=== Given entries ===
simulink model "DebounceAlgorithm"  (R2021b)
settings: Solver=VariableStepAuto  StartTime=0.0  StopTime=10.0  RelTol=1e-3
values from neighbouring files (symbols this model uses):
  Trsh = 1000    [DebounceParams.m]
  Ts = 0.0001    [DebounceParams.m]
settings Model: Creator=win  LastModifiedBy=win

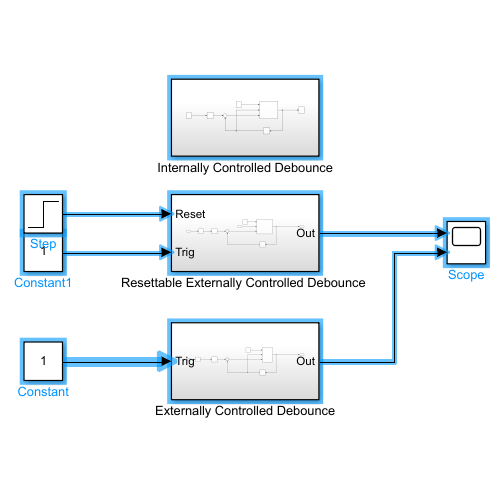
[thumbnail: Simulink's stored preview of the top-level diagram]
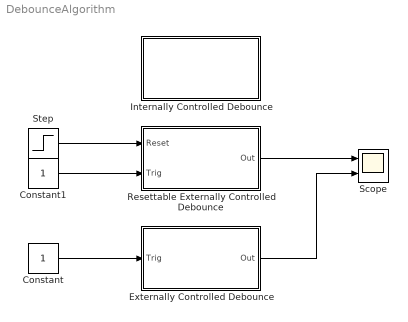
== system DebounceAlgorithm ==
  Constant : Constant
  Constant1 : Constant
  Externally Controlled Debounce : Subsystem
  Internally Controlled Debounce : Subsystem
  "Resettable Externally Controlled Debounce " : Subsystem
  Scope : Scope  NumInputPorts=2
  Step : Step  SampleTime=0
  wires:
  Step/1 -> "Resettable Externally Controlled Debounce "/1(Reset)
  Externally Controlled Debounce/1(Out) -> Scope/2
  Constant1/1 -> "Resettable Externally Controlled Debounce "/2(Trig)
  "Resettable Externally Controlled Debounce "/1(Out) -> Scope/1
  Constant/1 -> Externally Controlled Debounce/1(Trig)

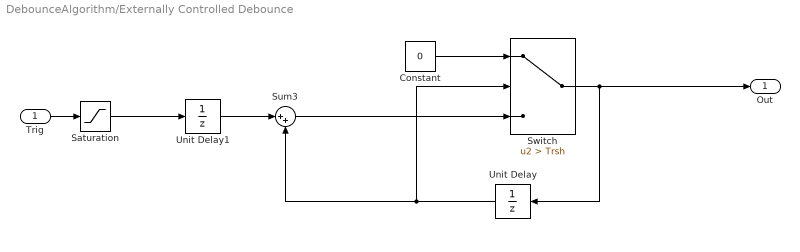
== system DebounceAlgorithm/Externally Controlled Debounce ==
  Trig : Inport
  Constant : Constant  Value=0
  Saturation : Saturate  UpperLimit=1  LowerLimit=0
  Sum3 : Sum  Inputs=|++
  Switch : Switch  Criteria=u2 > Threshold  Threshold=Trsh
  Unit Delay : UnitDelay  SampleTime=Ts  HasFrameUpgradeWarning=on
  Unit Delay1 : UnitDelay  SampleTime=Ts  HasFrameUpgradeWarning=on
  Out : Outport
  wires:
  Saturation/1 -> Unit Delay1/1
  Unit Delay/1 -> Switch/2, Sum3/2
  Trig/1 -> Saturation/1
  Constant/1 -> Switch/1
  Switch/1 -> Unit Delay/1, Out/1
  Sum3/1 -> Switch/3
  Unit Delay1/1 -> Sum3/1

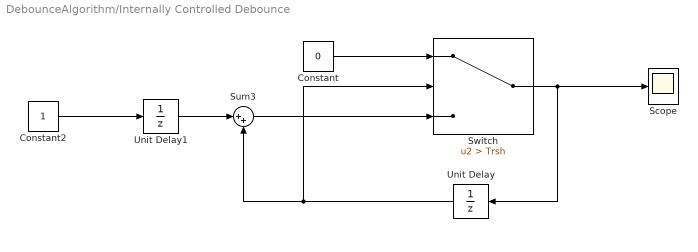
== system DebounceAlgorithm/Internally Controlled Debounce ==
  Constant : Constant  Value=0
  Constant2 : Constant
  Scope : Scope
  Sum3 : Sum  Inputs=|++
  Switch : Switch  Criteria=u2 > Threshold  Threshold=Trsh
  Unit Delay : UnitDelay  SampleTime=Ts  HasFrameUpgradeWarning=on
  Unit Delay1 : UnitDelay  SampleTime=Ts  HasFrameUpgradeWarning=on
  wires:
  Unit Delay/1 -> Switch/2, Sum3/2
  Constant2/1 -> Unit Delay1/1
  Constant/1 -> Switch/1
  Switch/1 -> Unit Delay/1, Scope/1
  Sum3/1 -> Switch/3
  Unit Delay1/1 -> Sum3/1

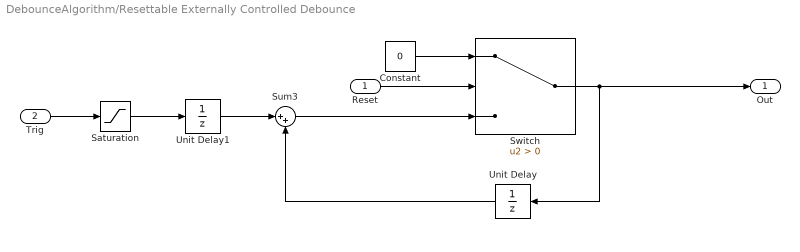
== system DebounceAlgorithm/Resettable Externally Controlled Debounce  ==
  Reset : Inport
  Trig : Inport  Port=2
  Constant : Constant  Value=0
  Saturation : Saturate  UpperLimit=1  LowerLimit=0
  Sum3 : Sum  Inputs=|++
  Switch : Switch  Criteria=u2 > Threshold
  Unit Delay : UnitDelay  SampleTime=Ts  HasFrameUpgradeWarning=on
  Unit Delay1 : UnitDelay  SampleTime=Ts  HasFrameUpgradeWarning=on
  Out : Outport
  wires:
  Unit Delay1/1 -> Sum3/1
  Sum3/1 -> Switch/3
  Switch/1 -> Out/1, Unit Delay/1
  Constant/1 -> Switch/1
  Trig/1 -> Saturation/1
  Unit Delay/1 -> Sum3/2
  Saturation/1 -> Unit Delay1/1
  Reset/1 -> Switch/2
===
» Required action: The result should be every entry, word for word, and no pictures.

» Solved exercise:
simulink model "DebounceAlgorithm"  (R2021b)
settings: Solver=VariableStepAuto  StartTime=0.0  StopTime=10.0  RelTol=1e-3
values from neighbouring files (symbols this model uses):
  Trsh = 1000    [DebounceParams.m]
  Ts = 0.0001    [DebounceParams.m]
settings Model: Creator=win  LastModifiedBy=win

[thumbnail: Simulink's stored preview of the top-level diagram]
== system DebounceAlgorithm ==
  Constant : Constant
  Constant1 : Constant
  Externally Controlled Debounce : Subsystem
  Internally Controlled Debounce : Subsystem
  "Resettable Externally Controlled Debounce " : Subsystem
  Scope : Scope  NumInputPorts=2
  Step : Step  SampleTime=0
  wires:
  Step/1 -> "Resettable Externally Controlled Debounce "/1(Reset)
  Externally Controlled Debounce/1(Out) -> Scope/2
  Constant1/1 -> "Resettable Externally Controlled Debounce "/2(Trig)
  "Resettable Externally Controlled Debounce "/1(Out) -> Scope/1
  Constant/1 -> Externally Controlled Debounce/1(Trig)

== system DebounceAlgorithm/Externally Controlled Debounce ==
  Trig : Inport
  Constant : Constant  Value=0
  Saturation : Saturate  UpperLimit=1  LowerLimit=0
  Sum3 : Sum  Inputs=|++
  Switch : Switch  Criteria=u2 > Threshold  Threshold=Trsh
  Unit Delay : UnitDelay  SampleTime=Ts  HasFrameUpgradeWarning=on
  Unit Delay1 : UnitDelay  SampleTime=Ts  HasFrameUpgradeWarning=on
  Out : Outport
  wires:
  Saturation/1 -> Unit Delay1/1
  Unit Delay/1 -> Switch/2, Sum3/2
  Trig/1 -> Saturation/1
  Constant/1 -> Switch/1
  Switch/1 -> Unit Delay/1, Out/1
  Sum3/1 -> Switch/3
  Unit Delay1/1 -> Sum3/1

== system DebounceAlgorithm/Internally Controlled Debounce ==
  Constant : Constant  Value=0
  Constant2 : Constant
  Scope : Scope
  Sum3 : Sum  Inputs=|++
  Switch : Switch  Criteria=u2 > Threshold  Threshold=Trsh
  Unit Delay : UnitDelay  SampleTime=Ts  HasFrameUpgradeWarning=on
  Unit Delay1 : UnitDelay  SampleTime=Ts  HasFrameUpgradeWarning=on
  wires:
  Unit Delay/1 -> Switch/2, Sum3/2
  Constant2/1 -> Unit Delay1/1
  Constant/1 -> Switch/1
  Switch/1 -> Unit Delay/1, Scope/1
  Sum3/1 -> Switch/3
  Unit Delay1/1 -> Sum3/1

== system DebounceAlgorithm/Resettable Externally Controlled Debounce  ==
  Reset : Inport
  Trig : Inport  Port=2
  Constant : Constant  Value=0
  Saturation : Saturate  UpperLimit=1  LowerLimit=0
  Sum3 : Sum  Inputs=|++
  Switch : Switch  Criteria=u2 > Threshold
  Unit Delay : UnitDelay  SampleTime=Ts  HasFrameUpgradeWarning=on
  Unit Delay1 : UnitDelay  SampleTime=Ts  HasFrameUpgradeWarning=on
  Out : Outport
  wires:
  Unit Delay1/1 -> Sum3/1
  Sum3/1 -> Switch/3
  Switch/1 -> Out/1, Unit Delay/1
  Constant/1 -> Switch/1
  Trig/1 -> Saturation/1
  Unit Delay/1 -> Sum3/2
  Saturation/1 -> Unit Delay1/1
  Reset/1 -> Switch/2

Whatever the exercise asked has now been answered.